As the lockdowns have been relaxed or even ended in the U.S., many Americans are returning to work in the leisure and retail sectors after being furloughed for two months. Stock market traders assumed that a V-shape recovery would get underway.
However, at 13.3%, the U.S. unemployment rate is more than one-third higher than in the worst period of the Great Recession. Moreover, real total unemployment is more like 25%.
The U.S. Congressional Budget Office (CBO) expects the nation's nominal GDP to fall by 14.2% in the first half of 2020, compared to its forecast in January. The CBO expects that the fiscal and monetary injections by the authorities, and the end of lockdowns, will reduce this loss to 9.4% by the end of 2020, and looks to a V-shaped GDP recovery in 2021.
However, it does not predict the pre-pandemic trend in U.S. economic growth to be achieved until at least 2029. This would represent a loss of 5.3% in nominal GDP, or $16 trillion in value, and, indeed, lost forever compared to pre-pandemic forecasts.
This equates to $8 trillion in real GDP terms. However, it also assumes there will be no second wave of the pandemic and no financial collapse as companies go bust.
Europe is not much different. Real Eurozone GDP registered a record decline of 3.8% in the first quarter of 2020. The ECB predicts a 13% GDP fall in the second quarter.

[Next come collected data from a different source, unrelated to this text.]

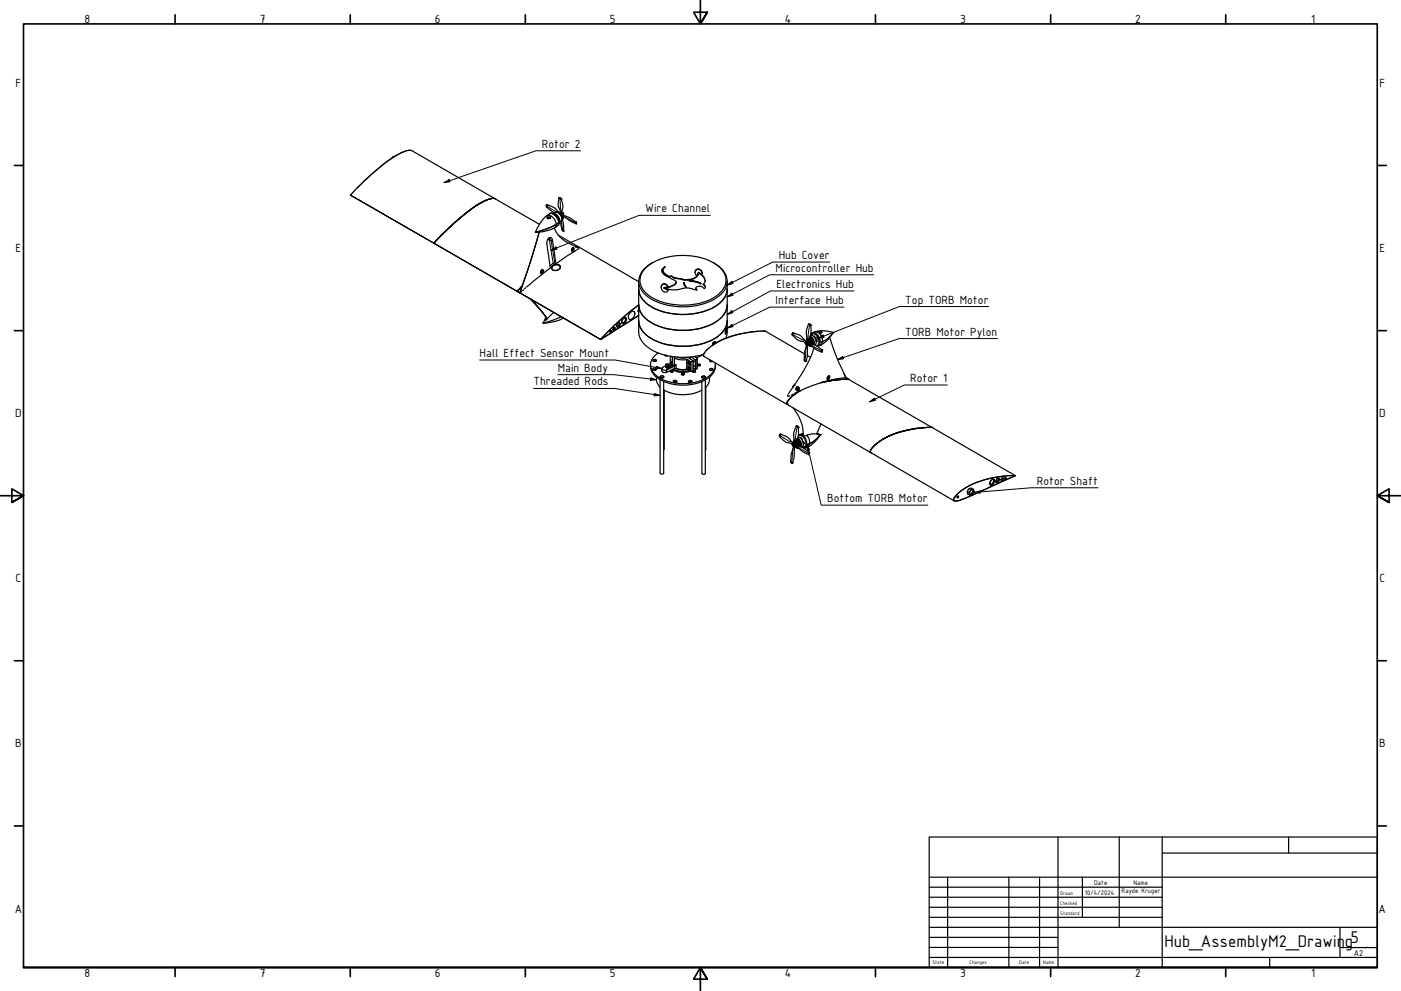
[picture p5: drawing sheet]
<svg xmlns="http://www.w3.org/2000/svg" width="594mm" height="420mm" viewBox="0 0 594 420" stroke-linecap="round" stroke-linejoin="round" font-family="sans-serif">
<!-- layer: Visible (ISO) -->
<g fill="none" stroke="#000" stroke-width=".51">
<path d="M167.1 66.5l-.8 .5 .5-.5M171.5 64.2a50.1 50.1 0 0 0-15.6 11.2l-4.6 4.5M172.6 63.9l-.5 .1M173 63.8l1.6 .1 54.1 31.2M173.9 63.7a23.3 23.3 0 0 0-11.5 6.1l-7.7 6.7-6 6.2M148.6 82.7l35.5 20.3M148.7 82.7h-.1M206.8 84.6l-.6 .3a72.2 72.2 0 0 0-19.6 15.4M208 84.3l-.6 .1M208.4 84.2l1.6 .1M209.2 84.1l-2.3 .5a54.6 54.6 0 0 0-16.8 12.3l-6 6.1M228.6 98.4l-3.6 12.2-4.5 13.5"/>
<path d="M228.7 98.4l-3.8 12.6-4.4 13.2M231.6 87.2l.2 .7-.2-.9a6.7 6.7 0 0 1 5.3 2.8l.7 .5M231.9 86.8l-.1 1.1 3.2 2.2M232 91.4a3.5 3.5 0 0 1 3.8 3.3l.1 .3M232 91.4a15.8 15.8 0 0 0-5 7.1h.1M232.1 91.9a.68 .68 0 0 1 1-.5 .68 .68 0 0 1 .1 1.1 .66 .66 0 0 1-.9 .3 .66 .66 0 0 1-.2-.9zM232.5 92.3l.5-.1v.4M232.9 92.2l-.6 .4v-.2v.3M233 90.6a3.1 3.1 0 0 1 3.8 2.4l.4 1.3-.2 .8-1.5 1.3M233 90.6a3.7 3.7 0 0 1 3.9 3.4l.1 .4M233 90.6a3.7 3.7 0 0 1 3.9 3.3l.1 .4M233 92.3v.3"/>
<path d="M233 90.6l-1 .8M234.4 90.5h.2M234.6 90.5l1.7 1.4 .9 2.3M234.7 90.6a2.89 2.89 0 0 1 2.5 3.5M235.1 96.6a12.1 12.1 0 0 0 7.2 7.1l3 1.5M235.3 90.9a2.87 2.87 0 0 1 1.7 2.6M235.5 96.4a16.7 16.7 0 0 1-8.4 2.1M235.6 95.4l-4.1 1.8-4.4 1.3M235.9 95.1l-.1 .8-.3 .5zM235.9 95.1l-.4 .2M235.9 95l-2.9 1.5-5.9 2M236 91.3l-.2 .1"/>
<path d="M236.5 90l-.9-.1-1 .6M236.8 99.7l34 19.7M236.9 90.1l-.4-.1 1.1 .6M236.9 94.3l-1 .8M236.9 92.6l-.1 .2M237 94.3l-1.1 .7M237.2 94.2v.3M237.4 90.5h.1a.76 .76 0 0 1 .6 1.2M237.6 90.7l.3 .4M237.6 90.7v.1M237.6 90.3l-.1 .2M237.6 90.7l.5 .3-.1 .5z"/>
<path d="M237.6 90.6v.1M237.6 90.3h.1M237.6 90.2l.8 .3M237.6 90.2l-.1-1.1a4.6 4.6 0 0 1-.7-3.7l.2-1.5 .9 .5-.9-.5 .6 .1a6.9 6.9 0 0 1 .7 6.1l.1 .4M237.6 90.4l.8 .1M237.6 90.2l.3 .2M237.6 90.3v.1M237.6 90.4l-.2 .1M237.8 93.8l.5 3.6M237.9 91.1h.1M237.9 91.2v.1M237.9 91.2l.5 1"/>
<path d="M237.9 91.1v.1M238.3 90.2l.5 .1v.6M238.3 97.4l.7 .5M238.3 91.6l.7 4.3v2.1l-.7-.6M238.3 90.3l.5 .8M238.3 91.5v.1M238.3 90.4l.1 .1M238.4 92.2l-.2-.3 .1 .4M238.4 92.2v.5M238.4 92.8l-.3 .8-.9 .7M238.4 91.3l-.1-.5v.8M238.4 90.9l4.2 2.1 1.5 1.1 .2 .7-2.4-1-3.3-2.3z"/>
<path d="M238.6 90.1l.4 .5M239 90.6v.1M244.1 94.1l.3 .7zM244.3 94.8h.1M184.1 103l35.2 20.5M229.2 115.4l.2 .3M229.4 114.7l.2 1-.4-.3 .4-.7M229.6 114.5l.3 1-.3-.9M229.7 114.5a.75 .75 0 0 1 .9 .7 .75 .75 0 0 1-.9 .7l-.5-.3zM229.7 114.5h.3M229.7 114.6l.5 .1-.3 .8M229.8 115.4l-.1 .1"/>
<path d="M230 114.5h.1M234.3 112.7a1.96 1.96 0 0 1 3.3 .6 1.94 1.94 0 0 1-1.8 1.4 1.94 1.94 0 0 1-1.9-1.2zM234.4 112.6a1.79 1.79 0 0 1 1.9-.6 1.79 1.79 0 0 1 1.3 1.5 2.14 2.14 0 0 1-3.7 .3zM235.8 111.9l-1.5-10.1a1.05 1.05 0 0 0-1.1-1.1 1.05 1.05 0 0 0-1 1.1l-.4 1.3 1.6 10.5-10.1 8M235.8 111.9l-.7-.4-.5 .1-1.4 1.2M237.6 113.2a2.05 2.05 0 0 0-2-.9 2.05 2.05 0 0 0-1.7 1.5M242.4 106l.2 .2M242.8 105.1l-.3 .3a.68 .68 0 0 0-.3 .9 .68 .68 0 0 0 .9 .3l.2-1M242.8 105l-.1 1.2a.64 .64 0 0 1-.2-.6 .64 .64 0 0 1 .5-.5M242.8 105.1h.5M242.8 106.1v.1M242.8 105l-.1 .1"/>
<path d="M243 105l-.1 1.2zM243.1 105a.66 .66 0 0 1 .3 .7 .66 .66 0 0 1-.5 .5M244.3 106.2l-8.5 5.7M244.5 104.5l-.5 .1 1.4 .1M245 105.7l-.4 .3M245.4 105.3l-.1 .2M270.8 119.2v21.5a10.6 10.6 0 0 0 7.5 8.6 30.3 30.3 0 0 0 20.1 .9M273.4 114a24.3 24.3 0 0 1 20.6-5.4 17.4 17.4 0 0 1 13.1 7.2 7.3 7.3 0 0 1-3.2 9.6 27.3 27.3 0 0 1-29.1-.4 7.1 7.1 0 0 1-1.4-11zM276.7 111.4a9.2 9.2 0 0 0-5.8 8.8 13.1 13.1 0 0 0 10.2 8.7 27.9 27.9 0 0 0 24.1-3.6 7.4 7.4 0 0 0-.6-12.5l-2.1-1.4M281.1 113.8l1-.7a1.9 1.9 0 0 0-.9 1.9 1.9 1.9 0 0 0 1.5 1.6 1.86 1.86 0 0 0 2 .4l1.4 .8a15.3 15.3 0 0 0 7 .5 3.5 3.5 0 0 0 3.1-2.7 3.7 3.7 0 0 1 2.6 4.2l-.6 .7a.98 .98 0 0 1 .9 .8 .98 .98 0 0 1-.5 1 2.15 2.15 0 0 0-3.5-.2l.5 .9h-.3a10.7 10.7 0 0 0-8.2-.1l-3-.1-2.2-.8a6.3 6.3 0 0 0 4.8-2.4l-.6-.7a12.1 12.1 0 0 1-5.4-3.7l-.1-.6zM281.1 114.7a3.2 3.2 0 0 0 3.5 2.5M281.6 113.6l-1 1.3"/>
<path d="M283.7 117.1v.3M284.6 117.2l1.5 .8M284.6 117v.2M286.1 118l3.4 .6M286.1 117.8v.2M286.8 119.6a2.98 2.98 0 0 1-2.6 2l-1.9 .6M289.5 118.6l2 .1a4.4 4.4 0 0 0 4.7-2.8 4.1 4.1 0 0 1 2.8 3.3M289.5 118.3v.3M290.1 119.8l.8 1.8-.4-.4a.99 .99 0 0 1-.4-1.4zM292.2 118.9l.1 .3 4.9 1M292.3 118.9l2.7 .4 2.2 .9-1.5-.7zM294.7 115.5a1.55 1.55 0 0 1 1.8-1.3 1.55 1.55 0 0 1 1.3 1.8"/>
<path d="M295 114.5a1.7 1.7 0 0 1 2-.2 1.7 1.7 0 0 1 .8 1.9l-1.6-.7-.8 1.3a1.75 1.75 0 0 1-.4-2.3zM296.2 115.6v.3M308.4 119.2v21.5l-.7 2.7M219.3 123.5l35.4 20.4M219.3 123.5h.1M220.5 124.2h.1M220.8 123.9l-.2 .2M221.2 123.5l-.2 .2M221.4 121.3l-2.1 2.2M222 122.9l-.4 .3M222.9 122l-.5 .5M224.9 126.7l3.7 4 3.4 4.5-3.4-4.5-3.7-4"/>
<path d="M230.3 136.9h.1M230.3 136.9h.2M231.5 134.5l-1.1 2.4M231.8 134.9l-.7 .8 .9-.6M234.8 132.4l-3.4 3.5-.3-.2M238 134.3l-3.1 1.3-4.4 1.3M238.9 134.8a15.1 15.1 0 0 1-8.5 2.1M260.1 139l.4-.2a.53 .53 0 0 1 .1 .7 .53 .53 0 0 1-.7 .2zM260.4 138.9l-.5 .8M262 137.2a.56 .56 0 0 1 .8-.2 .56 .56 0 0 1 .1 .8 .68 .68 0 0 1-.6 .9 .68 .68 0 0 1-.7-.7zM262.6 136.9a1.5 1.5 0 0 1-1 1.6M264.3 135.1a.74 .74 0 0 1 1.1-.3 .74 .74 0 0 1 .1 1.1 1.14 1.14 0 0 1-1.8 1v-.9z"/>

Assuming lockdowns come to an end and fiscal and monetary measures stimulate the economy, the ECB expects Eurozone real GDP to fall by 8.7% in 2020, but to rebound by 5.2% in 2021 and by 3.3% in 2022.
GDP would still be around 4% below pre-pandemic forecasts and unemployment 20% higher.
In the "emerging economies" the outlook is just as bleak, if not worse. For example, in Argentina, GDP may fall to its 2007 level. And a minus 7% fall in GDP is forecast for Brazil in 2020, wiping out ten years of GDP gains. Brazil and Argentina will end up with a lower real GDP level than existed 30 years ago.
The level of profitability of capital is the most important indicator for economic health under capitalism. The first quarter figures for U.S. corporate profits showed the direction; they fell at a 13.9% annual pace and were 8.5% below the first quarter of last year. The key productive sectors (non-financial) saw profits fall by $170 billion. There was no increase in profits compared to Q1 2019 – and that does not take inflation into account.
The boom in financial markets is floating on an ocean of free credit provided by the State and central bank monetary financing. This credit is not feeding into rising economic activity. The credit-fuelled boom in fictitious capital has not driven faster growth in real value or profitability. Debt has built up much faster than any rise in value.
Keeping financial markets up is one thing; getting 35 million Americans back to work is quite another, particularly when most work in the glamor businesses propping up stock prices.
Before the pandemic, growth was on a downward trajectory and productivity growth was sluggish. These trends have been reinforced. The increase in debt stoked by the surge in central bank injections will act as a further drag on growth. Despite optimism that normality is on the horizon, the horizon, after all, being an invisible line that divides the earth from the sky, keeps its distance as you move towards it.
Michael Roberts is a London based Marxist economist. He published the "The Great Recession" in 2008 and "Essays on Inequality" in 2014.